Opinion
Argued September 5, 1985.
Decided October 22, 1985.
Appeal from the Superior Court, Androscoggin County.
Grover G. Alexander (orally), Gray, for plaintiff.
Hewes, Beals and Douglas, Martica Sawin Douglas (orally), Preti, Flaherty Beliveau, Christopher D. Nyhan, Geoffrey K. Cummings (orally), Portland, for defendants.
Before McKUSICK, C.J., and ROBERTS, VIOLETTE, WATHEN, GLASSMAN and SCOLNIK, JJ.
Bonnie Green appeals from an order of the Superior Court, Androscoggin County, granting summary judgment in favor of the defendants, Drs. Heidar Nemat and August J. Valenti, and in the alternative dismissing Green's complaint for failure to comply with discovery orders pursuant to M.R.Civ.P. 26(b)(4). Because we determine that the sanction of dismissal imposed by the Superior Court was within the scope of its permissible discretion, we affirm the dismissal on that ground. In so doing, we have no need to discuss Green's claim that the summary judgment in favor of the physicians was erroneous.
M.R.Civ.P. 26(b)(4) provides in part:
A party may through interrogatories require any other party to identify each person whom the other party expects to call as an expert witness at trial, to state the subject matter on which the expert is expected to testify and to state the substance of the facts and opinions to which the expert is expected to testify and a summary of the grounds for each opinion. . . .

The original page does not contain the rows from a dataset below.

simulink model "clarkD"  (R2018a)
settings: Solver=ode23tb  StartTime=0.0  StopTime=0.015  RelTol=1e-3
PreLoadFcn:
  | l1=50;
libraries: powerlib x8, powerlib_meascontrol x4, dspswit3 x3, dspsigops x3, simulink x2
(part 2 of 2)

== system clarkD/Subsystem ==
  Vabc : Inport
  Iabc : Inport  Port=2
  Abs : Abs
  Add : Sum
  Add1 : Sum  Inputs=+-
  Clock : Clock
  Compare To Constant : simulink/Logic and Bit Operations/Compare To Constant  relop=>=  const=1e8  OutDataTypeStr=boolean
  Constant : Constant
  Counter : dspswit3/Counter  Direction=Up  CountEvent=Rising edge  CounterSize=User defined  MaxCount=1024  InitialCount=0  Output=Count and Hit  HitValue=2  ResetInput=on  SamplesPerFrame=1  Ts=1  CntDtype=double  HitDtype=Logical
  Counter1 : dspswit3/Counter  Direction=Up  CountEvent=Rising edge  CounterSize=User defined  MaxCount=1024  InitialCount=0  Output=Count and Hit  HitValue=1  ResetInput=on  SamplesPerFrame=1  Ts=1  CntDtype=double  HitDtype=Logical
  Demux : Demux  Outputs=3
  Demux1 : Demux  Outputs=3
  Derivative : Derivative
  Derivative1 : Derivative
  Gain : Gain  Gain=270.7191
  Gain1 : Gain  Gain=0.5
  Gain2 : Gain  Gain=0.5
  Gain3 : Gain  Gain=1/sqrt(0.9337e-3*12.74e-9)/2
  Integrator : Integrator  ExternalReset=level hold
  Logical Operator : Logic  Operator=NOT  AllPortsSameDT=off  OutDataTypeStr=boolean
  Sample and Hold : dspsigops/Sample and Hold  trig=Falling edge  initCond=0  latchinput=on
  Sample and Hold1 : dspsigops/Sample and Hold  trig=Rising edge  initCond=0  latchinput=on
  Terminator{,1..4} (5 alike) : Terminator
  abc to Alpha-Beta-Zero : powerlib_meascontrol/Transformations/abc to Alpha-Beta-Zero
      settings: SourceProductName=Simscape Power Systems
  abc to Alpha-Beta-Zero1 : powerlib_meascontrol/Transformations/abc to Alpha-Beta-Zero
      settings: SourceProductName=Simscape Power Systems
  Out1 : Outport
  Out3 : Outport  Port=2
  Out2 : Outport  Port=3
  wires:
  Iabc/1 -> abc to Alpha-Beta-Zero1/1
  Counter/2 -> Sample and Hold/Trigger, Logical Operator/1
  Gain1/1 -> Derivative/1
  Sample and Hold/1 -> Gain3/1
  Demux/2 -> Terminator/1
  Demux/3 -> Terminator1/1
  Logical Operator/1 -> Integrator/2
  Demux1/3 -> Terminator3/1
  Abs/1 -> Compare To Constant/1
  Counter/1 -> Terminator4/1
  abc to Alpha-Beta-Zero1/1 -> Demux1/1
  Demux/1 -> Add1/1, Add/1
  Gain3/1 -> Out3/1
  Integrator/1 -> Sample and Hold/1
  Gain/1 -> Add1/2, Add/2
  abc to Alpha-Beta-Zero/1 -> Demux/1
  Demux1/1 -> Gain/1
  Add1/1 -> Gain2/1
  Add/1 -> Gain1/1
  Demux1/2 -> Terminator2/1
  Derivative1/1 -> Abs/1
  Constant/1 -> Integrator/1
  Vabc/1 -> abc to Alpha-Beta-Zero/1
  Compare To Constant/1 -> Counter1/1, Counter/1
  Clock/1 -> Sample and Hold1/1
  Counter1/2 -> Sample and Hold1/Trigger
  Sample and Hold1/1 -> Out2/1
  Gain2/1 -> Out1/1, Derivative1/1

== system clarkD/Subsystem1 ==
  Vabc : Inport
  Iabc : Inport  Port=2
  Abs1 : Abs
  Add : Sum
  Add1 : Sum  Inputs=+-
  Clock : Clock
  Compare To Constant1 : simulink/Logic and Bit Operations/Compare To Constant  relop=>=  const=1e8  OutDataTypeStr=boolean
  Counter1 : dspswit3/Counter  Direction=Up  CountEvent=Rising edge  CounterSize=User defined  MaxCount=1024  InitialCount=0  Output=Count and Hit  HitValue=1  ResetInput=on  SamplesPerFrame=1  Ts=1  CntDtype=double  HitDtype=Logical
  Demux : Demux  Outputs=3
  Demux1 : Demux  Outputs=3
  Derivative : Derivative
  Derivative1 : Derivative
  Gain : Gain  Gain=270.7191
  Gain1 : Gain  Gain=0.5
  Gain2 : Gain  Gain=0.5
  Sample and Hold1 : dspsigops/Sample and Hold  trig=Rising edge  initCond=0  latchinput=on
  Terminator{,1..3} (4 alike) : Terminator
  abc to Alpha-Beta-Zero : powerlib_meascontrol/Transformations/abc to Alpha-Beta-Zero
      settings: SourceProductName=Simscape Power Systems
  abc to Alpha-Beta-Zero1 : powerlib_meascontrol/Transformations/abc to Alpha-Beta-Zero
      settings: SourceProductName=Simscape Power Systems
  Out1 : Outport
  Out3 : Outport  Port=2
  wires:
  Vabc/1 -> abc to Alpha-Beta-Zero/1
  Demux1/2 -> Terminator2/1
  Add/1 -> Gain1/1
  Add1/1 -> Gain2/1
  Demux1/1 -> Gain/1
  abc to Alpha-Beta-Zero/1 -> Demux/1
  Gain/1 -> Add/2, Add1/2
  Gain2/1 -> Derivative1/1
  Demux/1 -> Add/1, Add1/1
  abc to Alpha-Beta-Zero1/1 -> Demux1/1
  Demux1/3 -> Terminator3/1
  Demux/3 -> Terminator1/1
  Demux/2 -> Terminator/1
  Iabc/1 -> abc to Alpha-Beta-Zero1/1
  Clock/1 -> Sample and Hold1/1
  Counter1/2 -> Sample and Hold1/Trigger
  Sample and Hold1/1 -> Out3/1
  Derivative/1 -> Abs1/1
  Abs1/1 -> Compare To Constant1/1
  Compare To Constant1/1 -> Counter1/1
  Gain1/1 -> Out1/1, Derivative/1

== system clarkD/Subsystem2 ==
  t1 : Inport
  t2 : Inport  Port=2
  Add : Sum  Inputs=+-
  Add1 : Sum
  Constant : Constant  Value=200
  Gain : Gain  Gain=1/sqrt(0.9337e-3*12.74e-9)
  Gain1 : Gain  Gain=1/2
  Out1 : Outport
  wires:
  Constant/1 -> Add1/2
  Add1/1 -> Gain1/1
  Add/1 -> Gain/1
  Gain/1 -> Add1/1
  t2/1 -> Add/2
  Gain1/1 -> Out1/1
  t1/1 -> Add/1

The complaints, filed against Nemat and Valenti on March 31, 1981 and April 7, 1981 respectively, alleged generally that the physicians rendered improper care and treatment which led to complications following birth of a stillborn child on December 31, 1978. Each physician sought through interrogatories to elicit the substance of expert medical opinion that Green planned to present at trial. Despite persistent efforts by both defendants and at least four orders by different justices of the Superior Court over a 3-year period, Green completely failed to respond adequately to expert-witness interrogatories.
In the original complaints, Green named a total of 10 defendants. The cases were eventually consolidated by order of the Superior Court on January 11, 1982. All other defendants except Drs. Nemat and Valenti settled or were voluntarily dismissed by Green.
Initially, Green did not answer the defendants' requests at all until ordered to do so in separate rulings of the Superior Court on September 28, 1981 and November 23, 1981. When eventually she responded to questions regarding use of expert witnesses, Green stated that she planned to call all of the original defendants in the case as well as Drs. Radke, Luck and Willis. In these first responses, however, Green failed to provide the substance of facts and opinions to which each physician would testify.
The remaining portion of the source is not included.